## [Exercise prompt]
Look through the entries below and return all lines including the word "sketch".

Extracted data entries
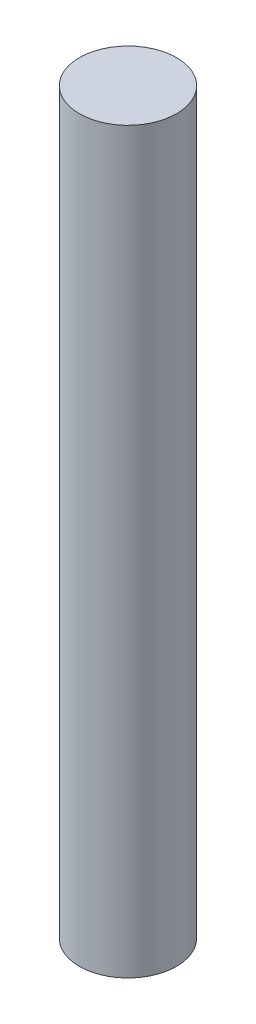
SolidWorks part; units mm, degrees
ref_plane "Front Plane" through (0, 0, 0) normal (0, 0, 1) x (1, 0, 0)
ref_plane "Top Plane" through (0, 0, 0) normal (0, 1, 0) x (1, 0, 0)
ref_plane "Right Plane" through (0, 0, 0) normal (1, 0, 0) x (0, 0, -1)
sketch "Sketch1" plane through (0, 0, 0) normal (0, 1, 0) x (1, 0, 0)
  circle A0 centre (0, 0) radius 2.5
  dimension "D1" = 5
extrude "Boss-Extrude1" add sketch "Sketch1" along normal blind 38
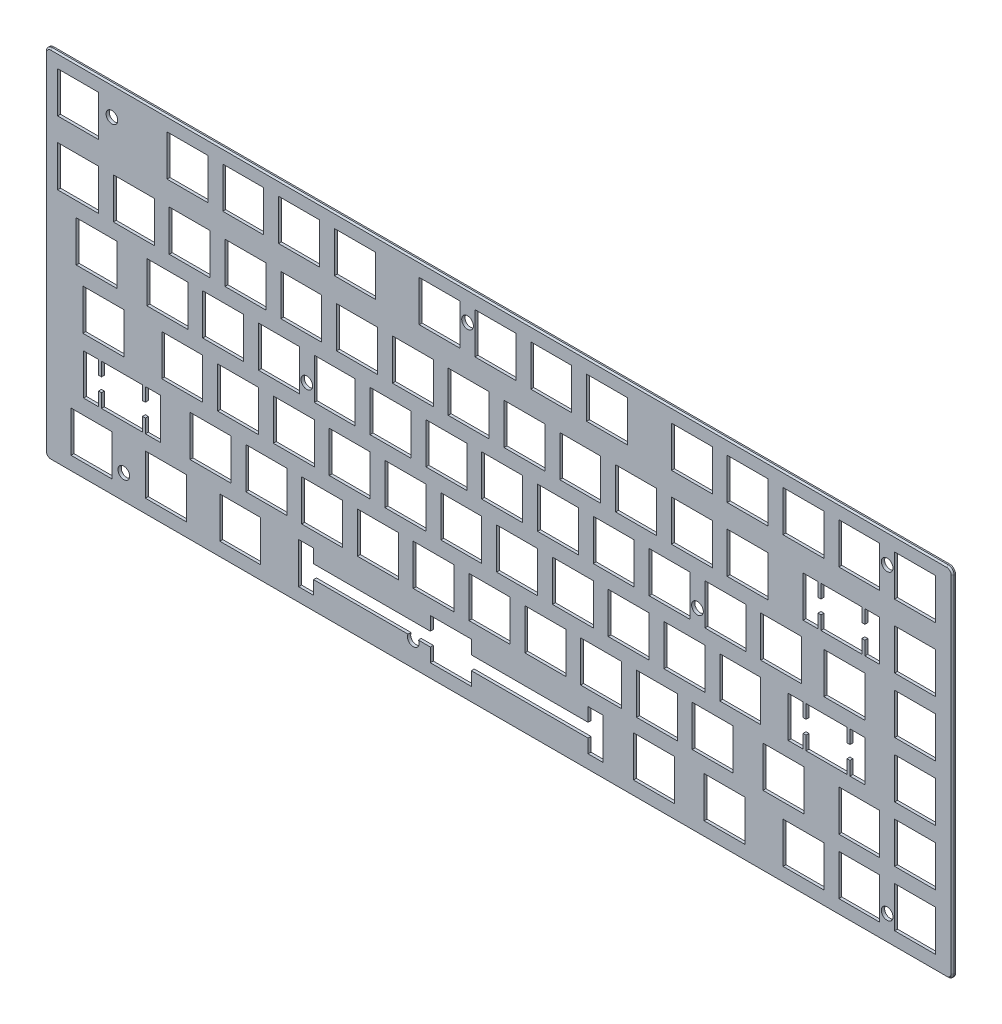
SolidWorks part; units mm, degrees
ref_plane "Alzado" through (0, 0, 0) normal (0, 0, 1) x (1, 0, 0)
ref_plane "Planta" through (0, 0, 0) normal (0, 1, 0) x (1, 0, 0)
ref_plane "Vista lateral" through (0, 0, 0) normal (1, 0, 0) x (0, 0, -1)
sketch "Croquis1" plane through (0, 0, 0) normal (0, 0, 1) x (1, 0, 0)
  line L0 (0, 0) -> (0, 83.5544) construction
  line L1 (-150.876, -60.96) -> (154.94, -60.96)
  line L2 (-152.908, -58.928) -> (-152.908, 58.928)
  line L3 (-150.876, 60.96) -> (154.94, 60.96)
  line L4 (156.972, -58.928) -> (156.972, 58.928)
  line L5 (0, 0) -> (179.8868, 0) construction
  line L6 (-131.318, -55.88) -> (-131.318, -41.91) [skipped]
  line L7 (-144.018, -55.88) -> (-130.048, -55.88)
  line L8 (-144.018, -55.88) -> (-144.018, -41.91)
  line L9 (-144.018, -41.91) -> (-130.048, -41.91)
  line L10 (-130.048, -55.88) -> (-130.048, -41.91)
  line L11 (-131.318, -55.88) -> (-117.348, -55.88) [skipped]
  line L12 (-117.348, -55.88) -> (-117.348, -41.91) [skipped]
  line L13 (-131.318, -41.91) -> (-117.348, -41.91) [skipped]
  line L14 (-118.618, -55.88) -> (-118.618, -41.91)
  line L15 (-118.618, -55.88) -> (-104.648, -55.88)
  line L16 (-104.648, -55.88) -> (-104.648, -41.91)
  line L17 (-118.618, -41.91) -> (-104.648, -41.91)
  line L18 (-105.918, -55.88) -> (-105.918, -41.91) [skipped]
  line L19 (-105.918, -55.88) -> (-91.948, -55.88) [skipped]
  line L20 (-91.948, -55.88) -> (-91.948, -41.91) [skipped]
  line L21 (-105.918, -41.91) -> (-91.948, -41.91) [skipped]
  line L22 (-93.218, -55.88) -> (-93.218, -41.91)
  line L23 (-93.218, -55.88) -> (-79.248, -55.88)
  line L24 (-79.248, -55.88) -> (-79.248, -41.91)
  line L25 (-93.218, -41.91) -> (-79.248, -41.91)
  line L26 (-144.018, -55.88) -> (-131.318, -55.88) construction
  line L27 (-21.336, -55.88) -> (-21.336, -51.2233)
  line L28 (-66.294, -41.91) -> (-61.214, -41.91)
  line L29 (-66.294, -41.91) -> (-66.294, -55.88)
  line L30 (-66.294, -55.88) -> (-61.214, -55.88)
  line L31 (-61.214, -41.91) -> (-61.214, -46.5667)
  line L32 (-61.214, -46.5667) -> (-21.336, -46.5667)
  line L34 (-61.214, -51.2233) -> (-21.336, -51.2233)
  line L36 (-133.604, -36.83) -> (-133.604, -32.1733)
  line L37 (-139.7, -22.86) -> (-134.62, -22.86)
  line L38 (-21.336, -55.88) -> (-7.366, -55.88)
  line L39 (-7.366, -55.88) -> (-7.366, -51.2233)
  line L40 (-21.336, -41.91) -> (-7.366, -41.91)
  line L41 (-14.351, -48.895) -> (-14.351, -69.7624) construction
  line L42 (37.592, -55.88) -> (32.512, -55.88)
  line L43 (32.512, -41.91) -> (32.512, -46.5667)
  line L44 (37.592, -41.91) -> (32.512, -41.91)
  line L45 (37.592, -41.91) -> (37.592, -55.88)
  line L46 (32.512, -51.2233) -> (-7.366, -51.2233)
  line L48 (32.512, -46.5667) -> (-7.366, -46.5667)
  line L50 (137.16, -55.88) -> (151.13, -55.88)
  line L51 (137.16, -55.88) -> (137.16, -41.91)
  line L52 (137.16, -41.91) -> (151.13, -41.91)
  line L53 (151.13, -55.88) -> (151.13, -41.91)
  line L54 (118.11, -55.88) -> (132.08, -55.88)
  line L55 (132.08, -55.88) -> (132.08, -41.91)
  line L56 (118.11, -41.91) -> (132.08, -41.91)
  line L57 (118.11, -55.88) -> (118.11, -41.91)
  line L58 (99.06, -55.88) -> (113.03, -55.88)
  line L59 (113.03, -55.88) -> (113.03, -41.91)
  line L60 (99.06, -41.91) -> (113.03, -41.91)
  line L61 (99.06, -55.88) -> (99.06, -41.91)
  line L62 (118.11, -36.83) -> (132.08, -36.83)
  line L63 (132.08, -36.83) -> (132.08, -22.86)
  line L64 (118.11, -22.86) -> (132.08, -22.86)
  line L65 (118.11, -36.83) -> (118.11, -22.86)
  line L66 (99.06, -36.83) -> (113.03, -36.83) [skipped]
  line L67 (113.03, -36.83) -> (113.03, -22.86) [skipped]
  line L68 (99.06, -22.86) -> (113.03, -22.86) [skipped]
  line L69 (99.06, -36.83) -> (99.06, -22.86) [skipped]
  line L70 (118.11, -17.78) -> (132.08, -17.78) [skipped]
  line L71 (132.08, -17.78) -> (132.08, -3.81) [skipped]
  line L72 (118.11, -3.81) -> (132.08, -3.81) [skipped]
  line L73 (118.11, -17.78) -> (118.11, -3.81) [skipped]
  line L74 (99.06, -17.78) -> (113.03, -17.78) [skipped]
  line L75 (113.03, -17.78) -> (113.03, -3.81) [skipped]
  line L76 (99.06, -3.81) -> (113.03, -3.81) [skipped]
  line L77 (99.06, -17.78) -> (99.06, -3.81) [skipped]
  line L78 (118.11, 1.27) -> (132.08, 1.27) [skipped]
  line L79 (132.08, 1.27) -> (132.08, 15.24) [skipped]
  line L80 (118.11, 15.24) -> (132.08, 15.24) [skipped]
  line L81 (118.11, 1.27) -> (118.11, 15.24) [skipped]
  line L82 (99.06, 1.27) -> (113.03, 1.27) [skipped]
  line L83 (113.03, 1.27) -> (113.03, 15.24) [skipped]
  line L84 (99.06, 15.24) -> (113.03, 15.24) [skipped]
  line L85 (99.06, 1.27) -> (99.06, 15.24) [skipped]
  line L86 (118.11, 20.32) -> (132.08, 20.32) [skipped]
  line L87 (132.08, 20.32) -> (132.08, 34.29) [skipped]
  line L88 (118.11, 34.29) -> (132.08, 34.29) [skipped]
  line L89 (118.11, 20.32) -> (118.11, 34.29) [skipped]
  line L90 (99.06, 20.32) -> (113.03, 20.32) [skipped]
  line L91 (113.03, 20.32) -> (113.03, 34.29) [skipped]
  line L92 (99.06, 34.29) -> (113.03, 34.29) [skipped]
  line L93 (99.06, 20.32) -> (99.06, 34.29) [skipped]
  line L94 (137.16, -36.83) -> (151.13, -36.83)
  line L95 (151.13, -36.83) -> (151.13, -22.86)
  line L96 (137.16, -22.86) -> (151.13, -22.86)
  line L97 (137.16, -36.83) -> (137.16, -22.86)
  line L98 (137.16, -17.78) -> (151.13, -17.78)
  line L99 (151.13, -17.78) -> (151.13, -3.81)
  line L100 (137.16, -3.81) -> (151.13, -3.81)
  line L101 (137.16, -17.78) -> (137.16, -3.81)
  line L102 (137.16, 1.27) -> (151.13, 1.27)
  line L103 (151.13, 1.27) -> (151.13, 15.24)
  line L104 (137.16, 15.24) -> (151.13, 15.24)
  line L105 (137.16, 1.27) -> (137.16, 15.24)
  line L106 (137.16, 20.32) -> (151.13, 20.32)
  line L107 (151.13, 20.32) -> (151.13, 34.29)
  line L108 (137.16, 34.29) -> (151.13, 34.29)
  line L109 (137.16, 20.32) -> (137.16, 34.29)
  line L110 (137.16, -55.88) -> (118.11, -55.88) construction
  line L111 (72.136, -55.88) -> (86.106, -55.88)
  line L112 (86.106, -55.88) -> (86.106, -41.91)
  line L113 (72.136, -41.91) -> (86.106, -41.91)
  line L114 (72.136, -55.88) -> (72.136, -41.91)
  line L115 (48.006, -55.88) -> (61.976, -55.88)
  line L116 (61.976, -55.88) -> (61.976, -41.91)
  line L117 (48.006, -41.91) -> (61.976, -41.91)
  line L118 (48.006, -55.88) -> (48.006, -41.91)
  line L119 (92.202, -36.83) -> (106.172, -36.83)
  line L120 (106.172, -36.83) -> (106.172, -22.86)
  line L121 (92.202, -22.86) -> (106.172, -22.86)
  line L122 (92.202, -36.83) -> (92.202, -22.86)
  line L123 (118.11, -36.83) -> (92.202, -36.83) construction
  line L124 (68.072, -36.83) -> (82.042, -36.83)
  line L125 (82.042, -36.83) -> (82.042, -22.86)
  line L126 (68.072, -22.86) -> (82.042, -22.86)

## [Answer space]
sketch "Sketch1" plane through (0, 0, 0) normal (0, 1, 0) x (1, 0, 0)
extrude "Boss-Extrude1" add sketch "Sketch1" along normal blind 38
sketch "Croquis1" plane through (0, 0, 0) normal (0, 0, 1) x (1, 0, 0)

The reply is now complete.